Harnessing rich satellite data to estimate crop yield
URBANA, Ill. – Without advanced sensing technology, humans see only a small portion of the entire electromagnetic spectrum. Satellites see the full range—from high-energy gamma rays, to visible, infrared, and low-energy microwaves. The images and data they collect can be used to solve complex problems. For example, satellite data is being harnessed by researchers at the University of Illinois for a more complete picture of cropland and to estimate crop yield in the U.S. Corn Belt.
“In places where we may see just the color green in crops, electromagnetic imaging from satellites reveals much more information about what’s actually happening in the leaves of plants and even inside the canopy. How to leverage this information is the challenge,” says Kaiyu Guan, an environmental scientist at the U of I and the lead author on the research. “Using various spectral bands and looking at them in an integrated way, reveals rich information for improving crop yield.”
Guan says this work is the first time that so many spectral bands, including visible, infrared, thermal, and passive and active microwave, and canopy fluorescence measurements have been brought together to look at crops.
“We used an integrated framework called Partial Least-Square Regression to analyze all of the data together. This specific approach can identify commonly shared information across the different data sets. When we pull the shared information out from each data set, what’s left is the unique information relevant to vegetation conditions and crop yield.”
The study uncovers that the many satellite data sets share common information related to crop biomass grown aboveground. However, the researchers also discover that different satellite data can reveal environmental stresses that crops experience related to drought and heat. Guan says the challenging aspect of crop observation is that the grain, which is what crop yield is all about, grows inside the canopy, where it isn’t visible from above. “Visible or near-infrared bands typically used for crop monitoring are mainly sensitive to the upper canopy, but provide little information about deeper vegetation and soil conditions affecting crop water status and yield,” says John Kimball from University of Montana, a long-term collaborator with Guan and a coauthor of the paper.

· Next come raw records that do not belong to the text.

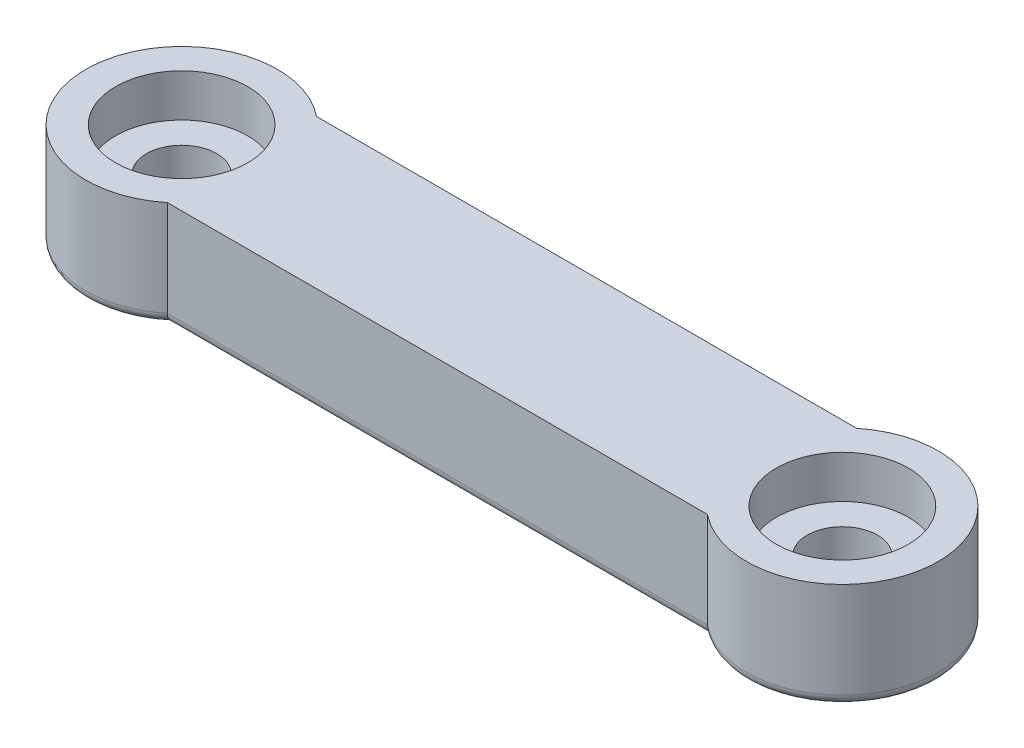
ISO-10303-21;
HEADER;
FILE_DESCRIPTION(('STEP AP214'),'2;1');
FILE_NAME('part.step','',(''),(''),'','','');
FILE_SCHEMA(('AUTOMOTIVE_DESIGN { 1 0 10303 214 1 1 1 1 }'));
ENDSEC;
DATA;
#1=APPLICATION_CONTEXT('core data for automotive mechanical design processes');
#2=APPLICATION_PROTOCOL_DEFINITION('international standard','automotive_design',2000,#1);
#3=PRODUCT_CONTEXT('',#1,'mechanical');
#4=PRODUCT('Part','Part','',(#3));
#5=PRODUCT_RELATED_PRODUCT_CATEGORY('part','',(#4));
#6=PRODUCT_DEFINITION_FORMATION('','',#4);
#7=PRODUCT_DEFINITION_CONTEXT('part definition',#1,'design');
#8=PRODUCT_DEFINITION('design','',#6,#7);
#9=PRODUCT_DEFINITION_SHAPE('','',#8);
#10=(LENGTH_UNIT() NAMED_UNIT(*) SI_UNIT(.MILLI.,.METRE.));
#11=(NAMED_UNIT(*) PLANE_ANGLE_UNIT() SI_UNIT($,.RADIAN.));
#12=(NAMED_UNIT(*) SI_UNIT($,.STERADIAN.) SOLID_ANGLE_UNIT());
#13=UNCERTAINTY_MEASURE_WITH_UNIT(LENGTH_MEASURE(1.E-05),#10,'distance_accuracy_value','');
#14=(GEOMETRIC_REPRESENTATION_CONTEXT(3) GLOBAL_UNCERTAINTY_ASSIGNED_CONTEXT((#13)) GLOBAL_UNIT_ASSIGNED_CONTEXT((#10,
#11,#12)) REPRESENTATION_CONTEXT('',''));
#15=CARTESIAN_POINT('',(0.,0.,0.));
#16=DIRECTION('',(0.,0.,1.));
#17=DIRECTION('',(1.,0.,0.));
#18=AXIS2_PLACEMENT_3D('',#15,#16,#17);
#19=CARTESIAN_POINT('',(31.,0.,-3.5));
#20=DIRECTION('',(0.,1.,0.));
#21=DIRECTION('',(0.,0.,1.));
#22=AXIS2_PLACEMENT_3D('',#19,#20,#21);
#23=CYLINDRICAL_SURFACE('',#22,1.65);
#24=CARTESIAN_POINT('',(31.,0.,-3.5));
#25=DIRECTION('',(0.,1.,0.));
#26=DIRECTION('',(0.,0.,1.));
#27=AXIS2_PLACEMENT_3D('',#24,#25,#26);
#28=CIRCLE('',#27,1.65);
#29=CARTESIAN_POINT('',(31.,0.,-1.85));
#30=VERTEX_POINT('',#29);
#31=EDGE_CURVE('E123',#30,#30,#28,.T.);
#32=ORIENTED_EDGE('',*,*,#31,.F.);
#33=EDGE_LOOP('',(#32));
#34=FACE_BOUND('',#33,.T.);
#35=CARTESIAN_POINT('',(31.,3.,-3.5));
#36=DIRECTION('',(0.,1.,0.));
#37=DIRECTION('',(0.,0.,1.));
#38=AXIS2_PLACEMENT_3D('',#35,#36,#37);
#39=CIRCLE('',#38,1.65);
#40=CARTESIAN_POINT('',(31.,3.,-1.85));
#41=VERTEX_POINT('',#40);
#42=EDGE_CURVE('E125',#41,#41,#39,.F.);
#43=ORIENTED_EDGE('',*,*,#42,.F.);
#44=EDGE_LOOP('',(#43));
#45=FACE_BOUND('',#44,.T.);
#46=ADVANCED_FACE('F34',(#34,#45),#23,.F.);
#47=CARTESIAN_POINT('',(0.,0.,-3.5));
#48=DIRECTION('',(0.,1.,0.));
#49=DIRECTION('',(0.,0.,1.));
#50=AXIS2_PLACEMENT_3D('',#47,#48,#49);
#51=CYLINDRICAL_SURFACE('',#50,1.65);
#52=CARTESIAN_POINT('',(0.,0.,-3.5));
#53=DIRECTION('',(0.,1.,0.));
#54=DIRECTION('',(0.,0.,1.));
#55=AXIS2_PLACEMENT_3D('',#52,#53,#54);
#56=CIRCLE('',#55,1.65);
#57=CARTESIAN_POINT('',(0.,0.,-1.85));
#58=VERTEX_POINT('',#57);
#59=EDGE_CURVE('E108',#58,#58,#56,.T.);
#60=ORIENTED_EDGE('',*,*,#59,.F.);
#61=EDGE_LOOP('',(#60));
#62=FACE_BOUND('',#61,.T.);
#63=CARTESIAN_POINT('',(0.,3.,-3.5));
#64=DIRECTION('',(0.,1.,0.));
#65=DIRECTION('',(0.,0.,1.));
#66=AXIS2_PLACEMENT_3D('',#63,#64,#65);
#67=CIRCLE('',#66,1.65);
#68=CARTESIAN_POINT('',(0.,3.,-1.85));
#69=VERTEX_POINT('',#68);
#70=EDGE_CURVE('E120',#69,#69,#67,.F.);
#71=ORIENTED_EDGE('',*,*,#70,.F.);
#72=EDGE_LOOP('',(#71));
#73=FACE_BOUND('',#72,.T.);
#74=ADVANCED_FACE('F234',(#62,#73),#51,.F.);
#75=CARTESIAN_POINT('',(0.,5.,0.));
#76=DIRECTION('',(0.,0.,-1.));
#77=DIRECTION('',(-1.,0.,0.));
#78=AXIS2_PLACEMENT_3D('',#75,#76,#77);
#79=PLANE('',#78);
#80=DIRECTION('',(0.,1.,0.));
#81=VECTOR('',#80,1.);
#82=CARTESIAN_POINT('',(2.82842712474619,0.,0.));
#83=LINE('',#82,#81);
#84=CARTESIAN_POINT('',(2.82842712474619,5.,0.));
#85=VERTEX_POINT('',#84);
#86=CARTESIAN_POINT('',(2.82842712474619,0.5,0.));
#87=VERTEX_POINT('',#86);
#88=EDGE_CURVE('E90',#85,#87,#83,.F.);
#89=ORIENTED_EDGE('',*,*,#88,.T.);
#90=DIRECTION('',(1.,0.,0.));
#91=VECTOR('',#90,1.);
#92=CARTESIAN_POINT('',(28.1715728752538,0.5,0.));
#93=LINE('',#92,#91);
#94=CARTESIAN_POINT('',(28.1715728752538,0.5,0.));
#95=VERTEX_POINT('',#94);
#96=EDGE_CURVE('E11',#87,#95,#93,.T.);
#97=ORIENTED_EDGE('',*,*,#96,.T.);
#98=DIRECTION('',(0.,1.,0.));
#99=VECTOR('',#98,1.);
#100=CARTESIAN_POINT('',(28.1715728752538,0.,0.));
#101=LINE('',#100,#99);
#102=CARTESIAN_POINT('',(28.1715728752538,5.,0.));
#103=VERTEX_POINT('',#102);
#104=EDGE_CURVE('E112',#95,#103,#101,.T.);
#105=ORIENTED_EDGE('',*,*,#104,.T.);
#106=DIRECTION('',(1.,0.,0.));
#107=VECTOR('',#106,1.);
#108=CARTESIAN_POINT('',(0.,5.,0.));
#109=LINE('',#108,#107);
#110=EDGE_CURVE('E104',#85,#103,#109,.T.);
#111=ORIENTED_EDGE('',*,*,#110,.F.);
#112=EDGE_LOOP('',(#89,#97,#105,#111));
#113=FACE_BOUND('',#112,.T.);
#114=ADVANCED_FACE('F110',(#113),#79,.F.);
#115=CARTESIAN_POINT('',(0.,5.,-7.));
#116=DIRECTION('',(0.,0.,1.));
#117=DIRECTION('',(1.,0.,0.));
#118=AXIS2_PLACEMENT_3D('',#115,#116,#117);
#119=PLANE('',#118);
#120=DIRECTION('',(0.,1.,0.));
#121=VECTOR('',#120,1.);
#122=CARTESIAN_POINT('',(28.1715728752538,0.,-7.));
#123=LINE('',#122,#121);
#124=CARTESIAN_POINT('',(28.1715728752538,5.,-7.));
#125=VERTEX_POINT('',#124);
#126=CARTESIAN_POINT('',(28.1715728752538,0.5,-7.));
#127=VERTEX_POINT('',#126);
#128=EDGE_CURVE('E116',#125,#127,#123,.F.);
#129=ORIENTED_EDGE('',*,*,#128,.T.);
#130=DIRECTION('',(-1.,0.,0.));
#131=VECTOR('',#130,1.);
#132=CARTESIAN_POINT('',(2.82842712474619,0.5,-7.));
#133=LINE('',#132,#131);
#134=CARTESIAN_POINT('',(2.82842712474619,0.5,-7.));
#135=VERTEX_POINT('',#134);
#136=EDGE_CURVE('E62',#127,#135,#133,.T.);
#137=ORIENTED_EDGE('',*,*,#136,.T.);
#138=DIRECTION('',(0.,1.,0.));
#139=VECTOR('',#138,1.);
#140=CARTESIAN_POINT('',(2.82842712474619,0.,-7.));
#141=LINE('',#140,#139);
#142=CARTESIAN_POINT('',(2.82842712474619,5.,-7.));
#143=VERTEX_POINT('',#142);
#144=EDGE_CURVE('E99',#135,#143,#141,.T.);
#145=ORIENTED_EDGE('',*,*,#144,.T.);
#146=DIRECTION('',(-1.,0.,0.));
#147=VECTOR('',#146,1.);
#148=CARTESIAN_POINT('',(0.,5.,-7.));
#149=LINE('',#148,#147);
#150=EDGE_CURVE('E107',#125,#143,#149,.T.);
#151=ORIENTED_EDGE('',*,*,#150,.F.);
#152=EDGE_LOOP('',(#129,#137,#145,#151));
#153=FACE_BOUND('',#152,.T.);
#154=ADVANCED_FACE('F188',(#153),#119,.F.);
#155=CARTESIAN_POINT('',(0.,5.,0.));
#156=DIRECTION('',(0.,-1.,0.));
#157=DIRECTION('',(0.,0.,-1.));
#158=AXIS2_PLACEMENT_3D('',#155,#156,#157);
#159=PLANE('',#158);
#160=CARTESIAN_POINT('',(31.,5.,-3.5));
#161=DIRECTION('',(0.,1.,0.));
#162=DIRECTION('',(0.,0.,1.));
#163=AXIS2_PLACEMENT_3D('',#160,#161,#162);
#164=CIRCLE('',#163,3.1);
#165=CARTESIAN_POINT('',(31.,5.,-0.399999999999998));
#166=VERTEX_POINT('',#165);
#167=EDGE_CURVE('E172',#166,#166,#164,.T.);
#168=ORIENTED_EDGE('',*,*,#167,.F.);
#169=EDGE_LOOP('',(#168));
#170=FACE_BOUND('',#169,.T.);
#171=CARTESIAN_POINT('',(0.,5.,-3.5));
#172=DIRECTION('',(0.,1.,0.));
#173=DIRECTION('',(0.,0.,1.));
#174=AXIS2_PLACEMENT_3D('',#171,#172,#173);
#175=CIRCLE('',#174,3.1);
#176=CARTESIAN_POINT('',(0.,5.,-0.4));
#177=VERTEX_POINT('',#176);
#178=EDGE_CURVE('E128',#177,#177,#175,.T.);
#179=ORIENTED_EDGE('',*,*,#178,.F.);
#180=EDGE_LOOP('',(#179));
#181=FACE_BOUND('',#180,.T.);
#182=CARTESIAN_POINT('',(0.,5.,-3.5));
#183=DIRECTION('',(0.,1.,0.));
#184=DIRECTION('',(0.,0.,1.));
#185=AXIS2_PLACEMENT_3D('',#182,#183,#184);
#186=CIRCLE('',#185,4.5);
#187=EDGE_CURVE('E93',#143,#85,#186,.T.);
#188=ORIENTED_EDGE('',*,*,#187,.T.);
#189=ORIENTED_EDGE('',*,*,#110,.T.);
#190=CARTESIAN_POINT('',(31.,5.,-3.5));
#191=DIRECTION('',(0.,1.,0.));
#192=DIRECTION('',(0.,0.,1.));
#193=AXIS2_PLACEMENT_3D('',#190,#191,#192);
#194=CIRCLE('',#193,4.5);
#195=EDGE_CURVE('E98',#103,#125,#194,.T.);
#196=ORIENTED_EDGE('',*,*,#195,.T.);
#197=ORIENTED_EDGE('',*,*,#150,.T.);
#198=EDGE_LOOP('',(#188,#189,#196,#197));
#199=FACE_BOUND('',#198,.T.);
#200=ADVANCED_FACE('F103',(#170,#181,#199),#159,.F.);
#201=CARTESIAN_POINT('',(0.,0.,0.));
#202=DIRECTION('',(0.,-1.,0.));
#203=DIRECTION('',(0.,0.,-1.));
#204=AXIS2_PLACEMENT_3D('',#201,#202,#203);
#205=PLANE('',#204);
#206=DIRECTION('',(-1.,0.,0.));
#207=VECTOR('',#206,1.);
#208=CARTESIAN_POINT('',(28.1715728752538,0.,-6.5));
#209=LINE('',#208,#207);
#210=CARTESIAN_POINT('',(2.6457513110654,0.,-6.49999999999928));
#211=VERTEX_POINT('',#210);
#212=CARTESIAN_POINT('',(28.3542486889346,0.,-6.5));
#213=VERTEX_POINT('',#212);
#214=EDGE_CURVE('E136',#211,#213,#209,.F.);
#215=ORIENTED_EDGE('',*,*,#214,.T.);
#216=CARTESIAN_POINT('',(31.,0.,-3.5));
#217=DIRECTION('',(0.,-1.,0.));
#218=DIRECTION('',(0.,0.,-1.));
#219=AXIS2_PLACEMENT_3D('',#216,#217,#218);
#220=CIRCLE('',#219,4.);
#221=CARTESIAN_POINT('',(28.3542486889346,0.,-0.5));
#222=VERTEX_POINT('',#221);
#223=EDGE_CURVE('E138',#213,#222,#220,.T.);
#224=ORIENTED_EDGE('',*,*,#223,.T.);
#225=DIRECTION('',(1.,0.,0.));
#226=VECTOR('',#225,1.);
#227=CARTESIAN_POINT('',(2.82842712474619,0.,-0.5));
#228=LINE('',#227,#226);
#229=CARTESIAN_POINT('',(2.6457513110654,0.,-0.5));
#230=VERTEX_POINT('',#229);
#231=EDGE_CURVE('E132',#222,#230,#228,.F.);
#232=ORIENTED_EDGE('',*,*,#231,.T.);
#233=CARTESIAN_POINT('',(0.,0.,-3.5));
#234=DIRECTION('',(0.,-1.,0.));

“Our study suggests that the microwave radar data at the Ku-band contains uniquely useful information on crop growth,” Guan says. “Besides the biomass information, it also contains additional information associated with crop water stress because of the higher microwave sensitivity to canopy water content, and microwave can also penetrate the canopy and see through part or all the canopy. We also find that thermal bands provide water and heat stress information,” Guan says. “This information tells us when leaves open or close their pores to breathe and absorb carbon for growth.”
Coauthor David Lobell from Stanford University, who crafted the idea with Guan, says leveraging all of this satellite data together greatly increases the capacity to monitor crops and crop yield.
“This is an age of big data. How to make sense of all of the data available, to generate useful information for farmers, economists, and others who need to know the crop yield, is an important challenge,” Guan says. “This will be an important tool. And, although we started with the U.S. Corn Belt, this framework can be used to analyze cropland anywhere on the planet.”
The study, “The shared and unique values of optical, fluorescence, thermal and microwave satellite data for estimating large-scale crop yields,” is published in Remote Sensing of Environment. The work was initiated and designed by Kaiyu Guan from U of I and David Lobell from Stanford University. It is coauthored by a multi-institute team of Jin Wu (Brookhaven National Lab), John S. Kimball (University of Montana), Martha C. Anderson (USDA ARS), Steve Frolking (University of New Hampshire), Bo Li (University of Illinois), and Christopher R. Hain (NOAA).
Funding was provided by the NASA New Investigator Award (NNX16AI56G), U.S. National Science Foundation (NSF-SES-1048946), a Terman Fellowship from Stanford University, the University of Illinois, NSF grant NSF-EF1065074, and NASA (NNX14AI50G).
All the data used in this study are available by request (email@example.com).
In addition to being an assistant professor in ecohydrology and geoinformatics in the Department of Natural Resources and Environmental Sciences in the College of Agricultural, Consumer and Environmental Sciences at U of I, Guan has a joint appointment as a Blue Waters professor affiliated with the National Center for Supercomputing Applications (NCSA).